Input material START
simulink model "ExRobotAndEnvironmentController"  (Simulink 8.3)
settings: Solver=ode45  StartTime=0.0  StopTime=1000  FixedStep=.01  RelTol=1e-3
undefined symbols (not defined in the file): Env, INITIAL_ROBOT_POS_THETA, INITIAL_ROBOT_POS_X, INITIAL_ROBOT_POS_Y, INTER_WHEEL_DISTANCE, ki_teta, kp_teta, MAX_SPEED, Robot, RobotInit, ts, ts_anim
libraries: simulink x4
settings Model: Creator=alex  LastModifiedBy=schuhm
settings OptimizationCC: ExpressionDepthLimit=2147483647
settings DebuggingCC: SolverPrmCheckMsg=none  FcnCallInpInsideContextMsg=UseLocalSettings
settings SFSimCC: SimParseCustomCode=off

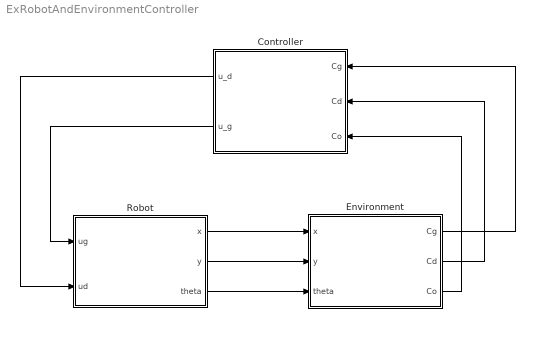
== system ExRobotAndEnvironmentController ==
  Controller : Subsystem
  Environment : Subsystem
  Robot : Subsystem
  wires:
  Robot/1(x) -> Environment/1(x)
  Robot/2(y) -> Environment/2(y)
  Robot/3(theta) -> Environment/3(theta)
  Environment/1(Cg) -> Controller/1(Cg)
  Environment/2(Cd) -> Controller/2(Cd)
  Controller/1(u_d) -> Robot/2(ud)
  Controller/2(u_g) -> Robot/1(ug)
  Environment/3(Co) -> Controller/3(Co)

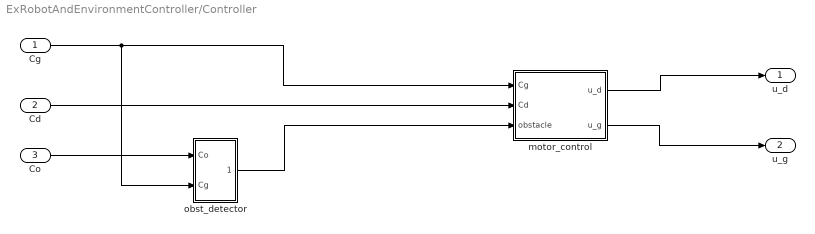
== system ExRobotAndEnvironmentController/Controller ==
  Cg : Inport
  Cd : Inport  Port=2
  Co : Inport  Port=3  OutDataTypeStr=double
  motor_control : Subsystem
  obst_detector : Subsystem
  u_d : Outport
  u_g : Outport  Port=2
  wires:
  Cg/1 -> obst_detector/2(Cg), motor_control/1(Cg)
  Cd/1 -> motor_control/2(Cd)
  obst_detector/1(obstacle) -> motor_control/3(obstacle)
  motor_control/1(u_d) -> u_d/1
  Co/1 -> obst_detector/1(Co)
  motor_control/2(u_g) -> u_g/1

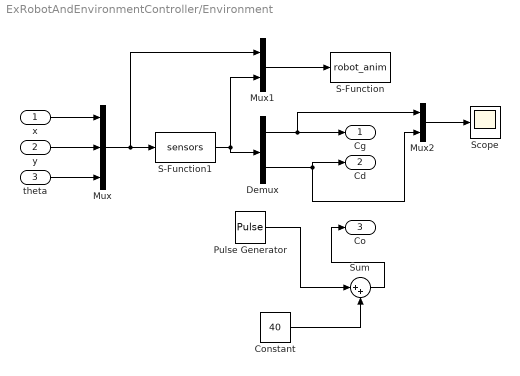
== system ExRobotAndEnvironmentController/Environment ==
  x : Inport
  y : Inport  Port=2
  theta : Inport  Port=3
  Constant : Constant  Value=40
  Demux : Demux  Outputs=2
  Mux : Mux  Inputs=3
  Mux1 : Mux  Inputs=2
  Mux2 : Mux  Inputs=2
  Pulse Generator : DiscretePulseGenerator  PulseType=Time based  Amplitude=-30  Period=5  PulseWidth=5  PhaseDelay=5
  S-Function : S-Function  FunctionName=robot_anim  Parameters=ts_anim,Env,Robot,RobotInit  EnableBusSupport=off
  S-Function1 : S-Function  FunctionName=sensors  Parameters=ts,Env,Robot  EnableBusSupport=off
  Scope : Scope
      settings: TimeRange=25  YMin=0  YMax=100
  Sum : Sum  Inputs=|++
  Cg : Outport
  Cd : Outport  Port=2
  Co : Outport  Port=3
  wires:
  x/1 -> Mux/1
  y/1 -> Mux/2
  theta/1 -> Mux/3
  Mux/1 -> S-Function1/1, Mux1/1
  S-Function1/1 -> Mux1/2, Demux/1
  Mux1/1 -> S-Function/1
  Demux/1 -> Mux2/1, Cg/1
  Demux/2 -> Mux2/2, Cd/1
  Sum/1 -> Co/1
  Pulse Generator/1 -> Sum/1
  Constant/1 -> Sum/2
  Mux2/1 -> Scope/1

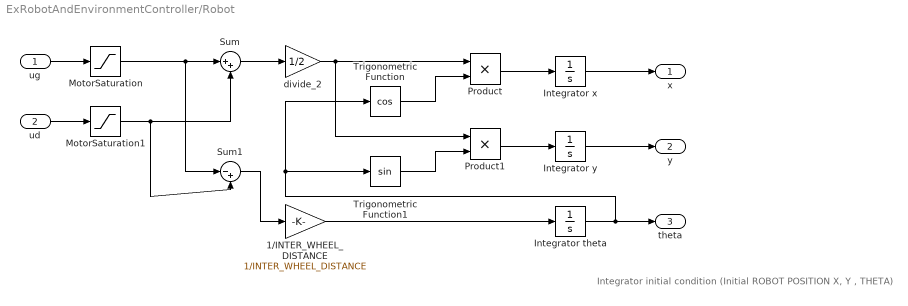
== system ExRobotAndEnvironmentController/Robot ==
  note: Integrator initial condition (Initial ROBOT POSITION X, Y , THETA)
  ug : Inport
  ud : Inport  Port=2
  1/INTER_WHEEL_DISTANCE : Gain  Gain=1/INTER_WHEEL_DISTANCE
  Integrator theta : Integrator  InitialCondition=INITIAL_ROBOT_POS_THETA
  Integrator x : Integrator  InitialCondition=INITIAL_ROBOT_POS_X
  Integrator y : Integrator  InitialCondition=INITIAL_ROBOT_POS_Y
  MotorSaturation : Saturate  UpperLimit=MAX_SPEED  LowerLimit=-MAX_SPEED
  MotorSaturation1 : Saturate  UpperLimit=MAX_SPEED  LowerLimit=-MAX_SPEED
  Product : Product  RndMeth=Zero
  Product1 : Product  RndMeth=Zero
  Sum : Sum  Inputs=|++
  Sum1 : Sum  Inputs=|-+
  Trigonometric Function : Trigonometry  Operator=cos
  Trigonometric Function1 : Trigonometry
  divide_2 : Gain  Gain=1/2
  x : Outport
  y : Outport  Port=2
  theta : Outport  Port=3
  wires:
  ug/1 -> MotorSaturation/1
  Integrator x/1 -> x/1
  Integrator y/1 -> y/1
  Integrator theta/1 -> Trigonometric Function/1, Trigonometric Function1/1, theta/1
  Sum/1 -> divide_2/1
  divide_2/1 -> Product1/1, Product/1
  Trigonometric Function/1 -> Product/2
  Trigonometric Function1/1 -> Product1/2
  Product/1 -> Integrator x/1
  Product1/1 -> Integrator y/1
  Sum1/1 -> 1/INTER_WHEEL_DISTANCE/1
  1/INTER_WHEEL_DISTANCE/1 -> Integrator theta/1
  ud/1 -> MotorSaturation1/1
  MotorSaturation1/1 -> Sum/2, Sum1/2
  MotorSaturation/1 -> Sum/1, Sum1/1

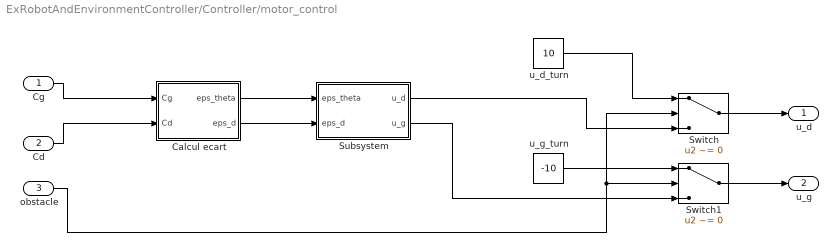
== system ExRobotAndEnvironmentController/Controller/motor_control ==
  Cg : Inport
  Cd : Inport  Port=2
  obstacle : Inport  Port=3
  Calcul ecart : Subsystem
  Subsystem : Subsystem
  Switch : Switch  Criteria=u2 ~= 0
  Switch1 : Switch  Criteria=u2 ~= 0
  u_d_turn : Constant  Value=10
  u_g_turn : Constant  Value=-10
  u_d : Outport
  u_g : Outport  Port=2
  wires:
  obstacle/1 -> Switch/2, Switch1/2
  Calcul ecart/2(eps_d) -> Subsystem/2(eps_d)
  Cd/1 -> Calcul ecart/2(Cd)
  Calcul ecart/1(eps_theta) -> Subsystem/1(eps_theta)
  Cg/1 -> Calcul ecart/1(Cg)
  Subsystem/1(u_d) -> Switch/3
  Switch/1 -> u_d/1
  Subsystem/2(u_g) -> Switch1/3
  Switch1/1 -> u_g/1
  u_g_turn/1 -> Switch1/1
  u_d_turn/1 -> Switch/1

== system ExRobotAndEnvironmentController/Controller/obst_detector ==
  Co : Inport
  Cg : Inport  Port=2
  Obstacle detector : Subsystem
  Unit Delay : UnitDelay  SampleTime=-1
  WBW : Subsystem
  obstacle : Outport
  wires:
  WBW/1(WBW) -> Unit Delay/1
  Unit Delay/1 -> WBW/2(R), Obstacle detector/2(R)
  Co/1 -> Obstacle detector/1(Co)
  Obstacle detector/1(obstacle_detected) -> obstacle/1
  Cg/1 -> WBW/1(Cg)

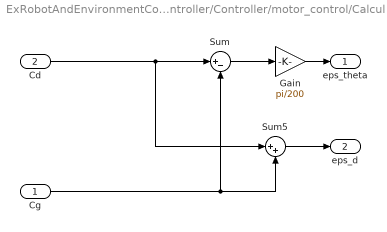
== system ExRobotAndEnvironmentController/Controller/motor_control/Calcul ecart ==
  Cg : Inport
  Cd : Inport  Port=2
  Gain : Gain  Gain=pi/200
  Sum : Sum  Inputs=|+-
  Sum5 : Sum  Inputs=|++
  eps_theta : Outport
  eps_d : Outport  Port=2
  wires:
  Sum/1 -> Gain/1
  Cd/1 -> Sum/1, Sum5/1
  Cg/1 -> Sum/2, Sum5/2
  Gain/1 -> eps_theta/1
  Sum5/1 -> eps_d/1

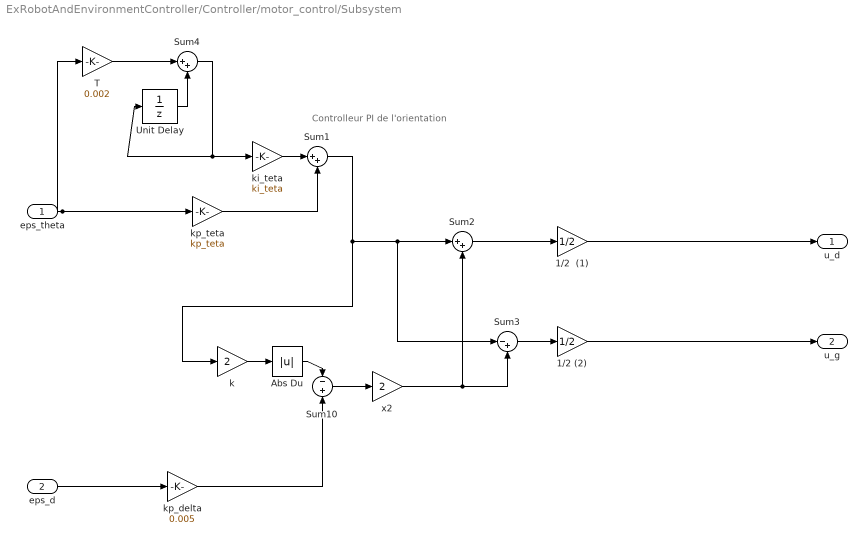
== system ExRobotAndEnvironmentController/Controller/motor_control/Subsystem ==
  note: Controlleur PI de l'orientation
  eps_theta : Inport
  eps_d : Inport  Port=2
  1/2  (1) : Gain  Gain=1/2  SaturateOnIntegerOverflow=on  OutDataTypeStr=Inherit: Same as input  ParamDataTypeStr=Inherit: Same as input
  1/2 (2) : Gain  Gain=1/2  SaturateOnIntegerOverflow=on  OutDataTypeStr=Inherit: Same as input  ParamDataTypeStr=Inherit: Same as input
  Abs Du : Abs  SaturateOnIntegerOverflow=on
  Sum1 : Sum  Inputs=|++  SaturateOnIntegerOverflow=on
  Sum10 : Sum  Inputs=-+  SaturateOnIntegerOverflow=on
  Sum2 : Sum  Inputs=|++  SaturateOnIntegerOverflow=on
  Sum3 : Sum  Inputs=|-+  SaturateOnIntegerOverflow=on
  Sum4 : Sum  Inputs=|++
  T : Gain  Gain=0.002
  Unit Delay : UnitDelay  SampleTime=-1
  k : Gain  Gain=2  SaturateOnIntegerOverflow=on  OutDataTypeStr=Inherit: Same as input  ParamDataTypeStr=Inherit: Same as input
  ki_teta : Gain  Gain=ki_teta  SaturateOnIntegerOverflow=on  OutDataTypeStr=Inherit: Same as input  ParamDataTypeStr=Inherit: Same as input
  kp_delta : Gain  Gain=0.005
  kp_teta : Gain  Gain=kp_teta  SaturateOnIntegerOverflow=on  OutDataTypeStr=Inherit: Same as input  ParamDataTypeStr=Inherit: Same as input
  x2 : Gain  Gain=2  SaturateOnIntegerOverflow=on  OutDataTypeStr=Inherit: Same as input  ParamDataTypeStr=Inherit: Same as input
  u_d : Outport
  u_g : Outport  Port=2
  wires:
  ki_teta/1 -> Sum1/1
  kp_teta/1 -> Sum1/2
  Sum2/1 -> 1/2  (1)/1
  Sum3/1 -> 1/2 (2)/1
  k/1 -> Abs Du/1
  kp_delta/1 -> Sum10/2
  eps_theta/1 -> kp_teta/1, T/1
  Abs Du/1 -> Sum10/1
  x2/1 -> Sum2/2, Sum3/2
  Sum10/1 -> x2/1
  Sum1/1 -> k/1, Sum2/1, Sum3/1
  T/1 -> Sum4/1
  Sum4/1 -> ki_teta/1, Unit Delay/1
  Unit Delay/1 -> Sum4/2
  1/2  (1)/1 -> u_d/1
  1/2 (2)/1 -> u_g/1
  eps_d/1 -> kp_delta/1

== system ExRobotAndEnvironmentController/Controller/obst_detector/Obstacle detector ==
  Co : Inport
  R : Inport  Port=2
  Compare To Constant : simulink/Logic and Bit Operations/Compare To Constant  relop=<  const=20  OutDataTypeStr=boolean
  mem : Subsystem
  obstacle_detected : Outport
  wires:
  Co/1 -> Compare To Constant/1
  mem/1(Q) -> obstacle_detected/1
  R/1 -> mem/2(R)
  Compare To Constant/1 -> mem/1(S)

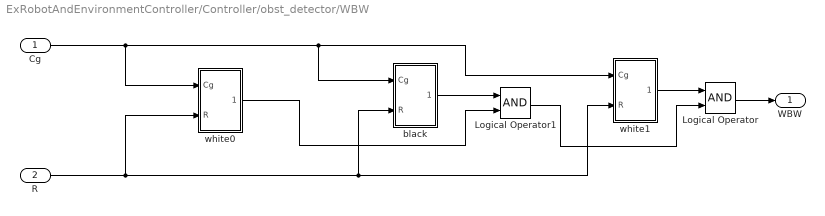
== system ExRobotAndEnvironmentController/Controller/obst_detector/WBW ==
  Cg : Inport
  R : Inport  Port=2
  Logical Operator : Logic  AllPortsSameDT=off  OutDataTypeStr=boolean
  Logical Operator1 : Logic  AllPortsSameDT=off  OutDataTypeStr=boolean
  black : Subsystem
  white0 : Subsystem
  white1 : Subsystem
  WBW : Outport
  wires:
  Cg/1 -> white0/1(Cg), black/1(Cg), white1/1(Cg)
  R/1 -> white0/2(R), white1/2(R), black/2(R)
  black/1(Out1) -> Logical Operator1/1
  white0/1(Out1) -> Logical Operator1/2
  Logical Operator1/1 -> Logical Operator/2
  white1/1(Out1) -> Logical Operator/1
  Logical Operator/1 -> WBW/1

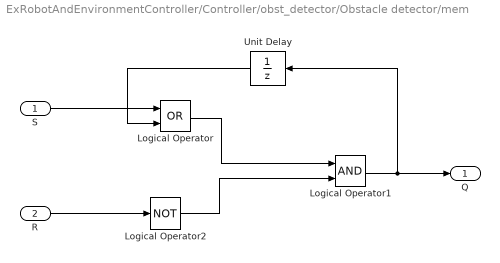
== system ExRobotAndEnvironmentController/Controller/obst_detector/Obstacle detector/mem ==
  S : Inport
  R : Inport  Port=2
  Logical Operator : Logic  Operator=OR  AllPortsSameDT=off  OutDataTypeStr=boolean
  Logical Operator1 : Logic  AllPortsSameDT=off  OutDataTypeStr=boolean
  Logical Operator2 : Logic  Operator=NOT  AllPortsSameDT=off  OutDataTypeStr=boolean
  Unit Delay : UnitDelay  SampleTime=-1
  Q : Outport
  wires:
  Logical Operator/1 -> Logical Operator1/1
  Unit Delay/1 -> Logical Operator/2
  S/1 -> Logical Operator/1
  Logical Operator1/1 -> Q/1, Unit Delay/1
  R/1 -> Logical Operator2/1
  Logical Operator2/1 -> Logical Operator1/2

== system ExRobotAndEnvironmentController/Controller/obst_detector/WBW/black ==
  Cg : Inport
  R : Inport  Port=2
  Compare To Constant : simulink/Logic and Bit Operations/Compare To Constant  relop=<=  const=10  OutDataTypeStr=boolean
  mem : Subsystem
  Out1 : Outport
  wires:
  mem/1(Q) -> Out1/1
  R/1 -> mem/2(R)
  Cg/1 -> Compare To Constant/1
  Compare To Constant/1 -> mem/1(S)

== system ExRobotAndEnvironmentController/Controller/obst_detector/WBW/white0 ==
  Cg : Inport
  R : Inport  Port=2
  Compare To Constant : simulink/Logic and Bit Operations/Compare To Constant  relop=>=  const=90  OutDataTypeStr=boolean
  mem : Subsystem
  Out1 : Outport
  wires:
  mem/1(Q) -> Out1/1
  R/1 -> mem/2(R)
  Cg/1 -> Compare To Constant/1
  Compare To Constant/1 -> mem/1(S)

== system ExRobotAndEnvironmentController/Controller/obst_detector/WBW/white1 ==
  Cg : Inport
  R : Inport  Port=2
  Compare To Constant : simulink/Logic and Bit Operations/Compare To Constant  relop=>=  const=90  OutDataTypeStr=boolean
  mem : Subsystem
  Out1 : Outport
  wires:
  mem/1(Q) -> Out1/1
  R/1 -> mem/2(R)
  Cg/1 -> Compare To Constant/1
  Compare To Constant/1 -> mem/1(S)

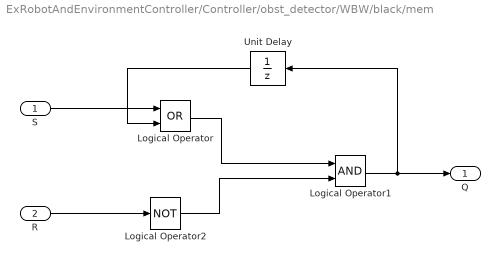
== system ExRobotAndEnvironmentController/Controller/obst_detector/WBW/black/mem ==
  S : Inport
  R : Inport  Port=2
  Logical Operator : Logic  Operator=OR  AllPortsSameDT=off  OutDataTypeStr=boolean
  Logical Operator1 : Logic  AllPortsSameDT=off  OutDataTypeStr=boolean
  Logical Operator2 : Logic  Operator=NOT  AllPortsSameDT=off  OutDataTypeStr=boolean
  Unit Delay : UnitDelay  SampleTime=-1
  Q : Outport
  wires:
  Logical Operator/1 -> Logical Operator1/1
  Unit Delay/1 -> Logical Operator/2
  S/1 -> Logical Operator/1
  Logical Operator1/1 -> Q/1, Unit Delay/1
  R/1 -> Logical Operator2/1
  Logical Operator2/1 -> Logical Operator1/2

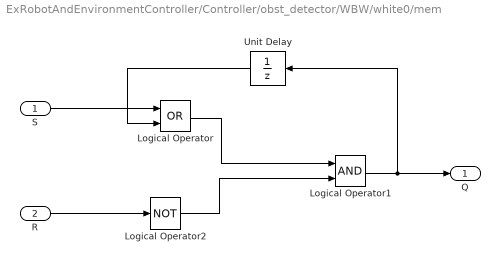
== system ExRobotAndEnvironmentController/Controller/obst_detector/WBW/white0/mem ==
  S : Inport
  R : Inport  Port=2
  Logical Operator : Logic  Operator=OR  AllPortsSameDT=off  OutDataTypeStr=boolean
  Logical Operator1 : Logic  AllPortsSameDT=off  OutDataTypeStr=boolean
  Logical Operator2 : Logic  Operator=NOT  AllPortsSameDT=off  OutDataTypeStr=boolean
  Unit Delay : UnitDelay  SampleTime=-1
  Q : Outport
  wires:
  Logical Operator/1 -> Logical Operator1/1
  Unit Delay/1 -> Logical Operator/2
  S/1 -> Logical Operator/1
  Logical Operator1/1 -> Q/1, Unit Delay/1
  R/1 -> Logical Operator2/1
  Logical Operator2/1 -> Logical Operator1/2

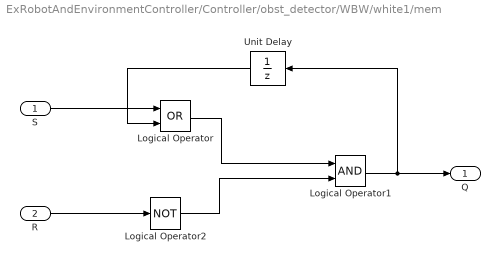
== system ExRobotAndEnvironmentController/Controller/obst_detector/WBW/white1/mem ==
  S : Inport
  R : Inport  Port=2
  Logical Operator : Logic  Operator=OR  AllPortsSameDT=off  OutDataTypeStr=boolean
  Logical Operator1 : Logic  AllPortsSameDT=off  OutDataTypeStr=boolean
  Logical Operator2 : Logic  Operator=NOT  AllPortsSameDT=off  OutDataTypeStr=boolean
  Unit Delay : UnitDelay  SampleTime=-1
  Q : Outport
  wires:
  Logical Operator/1 -> Logical Operator1/1
  Unit Delay/1 -> Logical Operator/2
  S/1 -> Logical Operator/1
  Logical Operator1/1 -> Q/1, Unit Delay/1
  R/1 -> Logical Operator2/1
  Logical Operator2/1 -> Logical Operator1/2
Input material END
If a line in the material contains the word "Zero", copy that line.

_Response below_.
  Product : Product  RndMeth=Zero
  Product1 : Product  RndMeth=Zero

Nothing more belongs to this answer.